← Back to all posts

PipelineDB 0.8


We're excited to release PipelineDB 0.8 today, download it now! This release includes a complete rework of the query parser and analyzer modules, as well as a number of stability and performance improvements. Some of the highlights are:

5432

The default port has been changed from 6543 to 5432 (the default Postgres port). This was done to avoid some quirks in systems with libpq already installed.

Support for Composite Data Types

Previously you could only create probabilistic data structures over single column references to native data types. That limitation no longer exists, so you could do something like:

CREATE TYPE user (
  username text
  app_id   int
);

CREATE CONTINUOUS VIEW global_uniques AS SELECT hll_agg(user::user) FROM global_stream;

Dealing with composite data types can be a little cumbersome though, so we also support using multiple columns without creating an explicit TYPE.

CREATE CONTINUOUS VIEW global_uniques AS
  SELECT hll_agg((username::text, app_id::int)) FROM global_stream;

This support extends to aggregates that internally use these data structures, e.g. count(DISTINCT ...).

There was also a bug in the way text types were hashed, which caused the same text input value to get hashed to different values. This improvement fixes this bug.

stream_insertion_commit_interval

We got a few complaints about disk usage of continuous views constantly increasing, and newly created continuous views sometimes not seeing any tuples being inserted.

The reason behind this was Postgres' use of MVCC for concurrency control. Every update to Postgres essentially creates a new version of the tuple, with the older one marked for deletion. However, an older version of a tuple can't be garbage collected unless all transactions that can see it have completed.
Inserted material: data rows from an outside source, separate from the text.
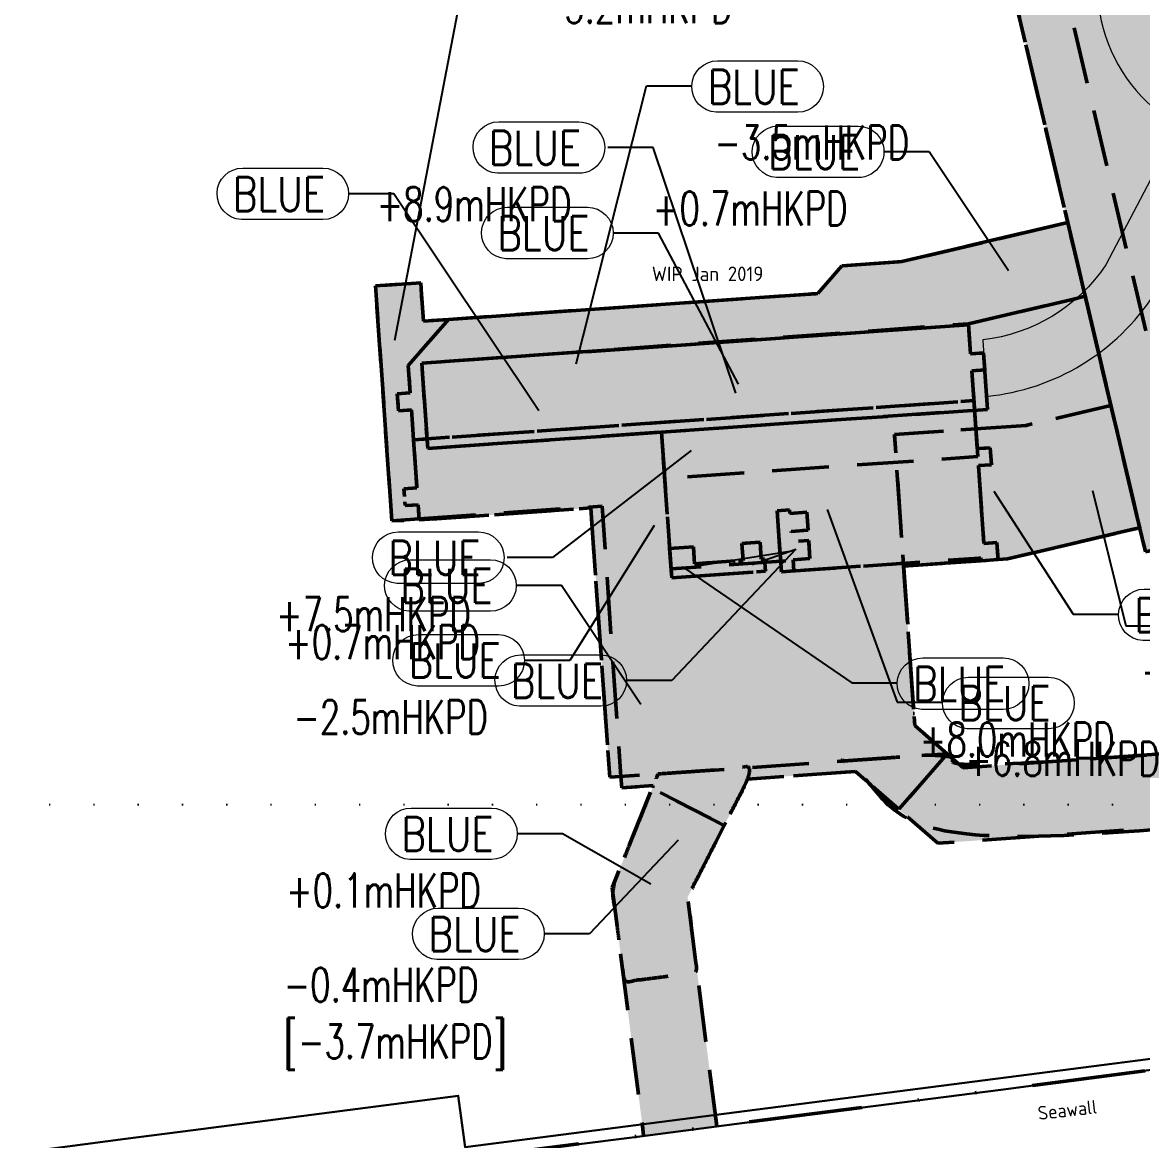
# Model space of a CAD drawing. Header units: millimetres. Extents: x 833750 to 836188, y 817400 to 818701.
# Drawn here: x 834895.3 to 834994.2, y 817970.3 to 818069.1 of the extents above; entities that cross this region are included whole.
import ezdxf
from ezdxf import colors
from ezdxf.entities.mleader import LeaderData, LeaderLine
from ezdxf.math import Vec2, Vec3

# ---------------------------------------------------------------- set-up
doc = ezdxf.new("R2010")
doc.units = ezdxf.units.MM
for name, pattern in [('B1_BDYF', [0]), ('DASHED2', [0.375, 0.25, -0.125]), ('DIVIDE', [1.25, 0.5, -0.25, 0, -0.25, 0, -0.25]), ('DOT', [6.35, 0, -6.35])]:
    doc.linetypes.add(name, pattern=pattern)
for name, color, linetype, lineweight in [('01-basemap', 8, 'Continuous', 15), ('01-bdy', 7, 'DIVIDE', 50), ('LEVEL2', 7, 'Continuous', 13), ('LEVEL3', 7, 'Continuous', 13), ('LEVEL4', 7, 'Continuous', 13), ('LEVEL6', 7, 'Continuous', 13), ('OCCUP2', 7, 'DASHED2', 50), ('OCCUP3', 7, 'DASHED2', 50), ('OCCUP4', 7, 'DASHED2', 50), ('OCCUP5', 7, 'DASHED2', 50), ('OCCUP6', 7, 'DASHED2', 50), ('OUTLINE2', 8, 'Continuous', 15)]:
    doc.layers.add(name, color=color, linetype=linetype, lineweight=lineweight)
doc.layers.add('01-LM', color=7, linetype='DOT')
for name, color, linetype, lineweight, true_color in [('HATCH2', 7, 'Continuous', 13, 0xa8def7), ('HATCH3', 7, 'Continuous', 13, 0xa8def7), ('HATCH4', 7, 'Continuous', 13, 0xa8def7), ('HATCH5', 7, 'Continuous', 13, 0xa8def7), ('HATCH6', 7, 'Continuous', 13, 0xa8def7)]:
    doc.layers.add(name, color=color, linetype=linetype, lineweight=lineweight, true_color=true_color)
doc.styles.add('HK_ENG_11', font='HK_ENG.ttf')
doc.styles.add('romans', font='romans.shx', dxfattribs={"width": 0.7})

# ---------------------------------------------------------------- blocks, each defined once
blk = doc.blocks.new('_None')

msp = doc.modelspace()

# ---------------------------------------------------------------- hatches: boundary and pattern name
at = {"layer": 'HATCH2'}
h = msp.add_hatch(color=256, dxfattribs=at)
h.dxf.hatch_style = 1
h.paths.add_polyline_path([(834978.84, 818042.391), (834930.557, 818039.016), (834931.084, 818031.485), (834951.724, 818032.927), (834980.513, 818034.94), (834980.088, 818041.025), (834978.941, 818040.945)])
h = msp.add_hatch(color=256, dxfattribs=at)
h.dxf.hatch_style = 1
h.paths.add_polyline_path([(834962.31, 818020.586), (834962.385, 818020.591), (834963.407, 818020.662), (834963.338, 818021.66), (834964.834, 818021.765), (834964.722, 818023.361), (834963.226, 818023.256), (834963.163, 818024.154), (834964.66, 818024.258), (834964.548, 818025.855), (834963.052, 818025.75), (834963.031, 818026.049), (834961.933, 818025.973)])
h = msp.add_hatch(color=256, dxfattribs=at)
h.dxf.hatch_style = 1
h.paths.add_polyline_path([(834952.623, 818020.059), (834960.903, 818020.638), (834960.826, 818021.735), (834960.527, 818021.714), (834960.422, 818023.21), (834958.826, 818023.099), (834958.931, 818021.602), (834954.641, 818021.303), (834954.537, 818022.799), (834952.442, 818022.653)])
at = {"layer": 'HATCH3'}
h = msp.add_hatch(color=256, dxfattribs=at)
h.dxf.hatch_style = 1
h.paths.add_polyline_path([(834979.927, 818021.817), (834979.944, 818021.568), (834981.441, 818021.672), (834981.336, 818023.169), (834980.189, 818023.088), (834979.708, 818029.972), (834980.855, 818030.052), (834980.75, 818031.548), (834979.603, 818031.468), (834979.122, 818038.351), (834980.269, 818038.431), (834980.165, 818039.928), (834979.017, 818039.848), (834978.84, 818042.391), (834930.557, 818039.016), (834931.084, 818031.485), (834951.724, 818032.927), (834952.623, 818020.059), (834962.299, 818020.735), (834962.31, 818020.586), (834976.984, 818021.611), (834979.777, 818021.807)])
at = {"layer": 'HATCH4'}
h = msp.add_hatch(color=256, dxfattribs=at)
h.dxf.hatch_style = 1
h.paths.add_polyline_path([(834965.191, 818161.336), (834961.588, 818161.799), (834994.451, 818022.353), (835063.739, 818038.682), (835066.74, 818038.156), (835087.939, 818043.152), (835096.71, 818057.332), (835185.691, 818078.302), (835166.157, 818161.194), (835164.614, 818161.086), (835165.829, 818143.718), (835167.755, 818134.791), (835172.17, 818116.058), (835173.342, 818116.334), (835174.489, 818111.468), (835173.317, 818111.191), (835180.279, 818081.65), (835088.493, 818060.019), (835089.759, 818054.649), (835085.985, 818048.548), (835036.785, 818036.953), (835036.9, 818035.309), (835034.258, 818035.124), (835025.595, 818033.083), (835025.32, 818034.251), (834997.799, 818027.765), (834969.312, 818148.643), (834968.241, 818148.391)])
h = msp.add_hatch(color=256, dxfattribs=at)
h.dxf.hatch_style = 1
h.paths.add_polyline_path([(834987.595, 818051.445), (834972.95, 818047.994), (834967.655, 818047.624), (834965.521, 818045.169), (834937.281, 818043.195), (834938.899, 818039.618), (834978.832, 818042.497), (834989.132, 818044.924)], flags=17)
h.paths.add_polyline_path([(834989.132, 818044.924), (834987.595, 818051.445), (834972.95, 818047.994), (834967.655, 818047.624), (834965.521, 818045.169), (834932.906, 818042.889), (834929.368, 818038.82), (834929.538, 818036.389), (834928.391, 818036.308), (834928.496, 818034.812), (834929.643, 818034.892), (834930.124, 818028.009), (834928.977, 818027.929), (834929.081, 818026.432), (834930.229, 818026.513), (834930.323, 818025.166), (834945.486, 818026.226), (834947.149, 818002.434), (834976.948, 818004.517), (834974.086, 818007.007), (834973.101, 818021.089), (834973.084, 818021.339), (834963.108, 818020.641), (834963.042, 818021.589), (834952.567, 818020.857), (834951.724, 818032.927), (834931.084, 818031.485), (834930.557, 818039.016), (834978.832, 818042.497)])
h = msp.add_hatch(color=256, dxfattribs=at)
h.dxf.hatch_style = 1
h.paths.add_polyline_path([(834967.655, 818047.624), (834965.521, 818045.169), (834937.281, 818043.195), (834938.899, 818039.618), (834978.832, 818042.497), (834989.132, 818044.924), (834987.595, 818051.445), (834972.95, 818047.994)])
h = msp.add_hatch(color=256, dxfattribs=at)
h.dxf.hatch_style = 1
h.paths.add_polyline_path([(834989.132, 818044.924), (834978.832, 818042.497), (834979.017, 818039.848), (834980.165, 818039.928), (834980.269, 818038.431), (834979.122, 818038.351), (834979.446, 818033.713), (834979.603, 818031.468), (834980.75, 818031.548), (834980.855, 818030.052), (834979.708, 818029.972), (834980.189, 818023.088), (834981.336, 818023.169), (834981.441, 818021.672), (834982.261, 818021.73), (834993.949, 818024.484), (834993.765, 818025.263), (834993.765, 818025.263)])
h = msp.add_hatch(color=256, dxfattribs=at)
h.dxf.hatch_style = 1
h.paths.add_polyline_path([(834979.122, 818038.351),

If you're inserting into a stream from a long running transaction, the bloat being generated due to MVCC will not be cleaned up. And since continuous views are extremely write heavy, having long running transactions will generate a lot of bloat.

Continuous views not seeing data turned out to be a problem caused by the same thing. All our metadata for queries is stored in catalog tables so a newly created continuous view will only be visible to transactions that start after the CREATE CONTINUOUS VIEW query has committed. If you have long running transactions writing to streams, they won't see any continuous views added concurrently till they commit and start a new transaction.

stream_insertion_commit_interval lets you specify an interval after which stream insertions automatically commit. The default value is 1 second. This behavior can be disabled by setting the value to -1.

Smarter Step-sizes for Sliding Window Queries

Sliding window queries work by splitting the query result into finer groups on the time axis and aggregating over them at read time. Previously, the default step-size was 1 second, so a query like:

CREATE CONTINUOUS VIEW v AS
  SELECT x::int FROM stream WHERE arrival_timestamp > clock_timestamp() - interval '5 hour';

would need 18000 buckets on arrival timestamp to store the partial aggregates for the data in a 5 minute window. The cost of this is that there's more work that needs to happen at read time, as well as potentially using 18000x the space. Now we're a little more aggresive and pick the step-size as one step smaller compared to the window-size (so minute for hour).

Eventually, we want to have some fan-out factor and dynamically generate step-sizes to have simpler control over these costs.

Oh, and you can explicitly change this granularity by using a date truncation function on the time column. For your convenience, we added simpler altenatives to date_trunc : second, minute, hour and day.

Parser & Analyzer Rework

Most of the parser work was done during my first few weeks at PipelineDB. Needless to say, the code was pretty sloppy because I knew nothing about Postgres internals. This rewrite was pretty necessary, and I'm glad we got this in sooner than later. Apart from obviously making sure PipelineDB doesn't choke on some valid queries anymore, the rework also reduces disk usage of continuous views. Unfortunately, as a byproduct of this change, the data directories from previous versions are incompatible so you'll have to initialize a fresh database using pipeline-init.

Well, that's it for this version. Please let us know if you come across any issues or want some new features for the next release!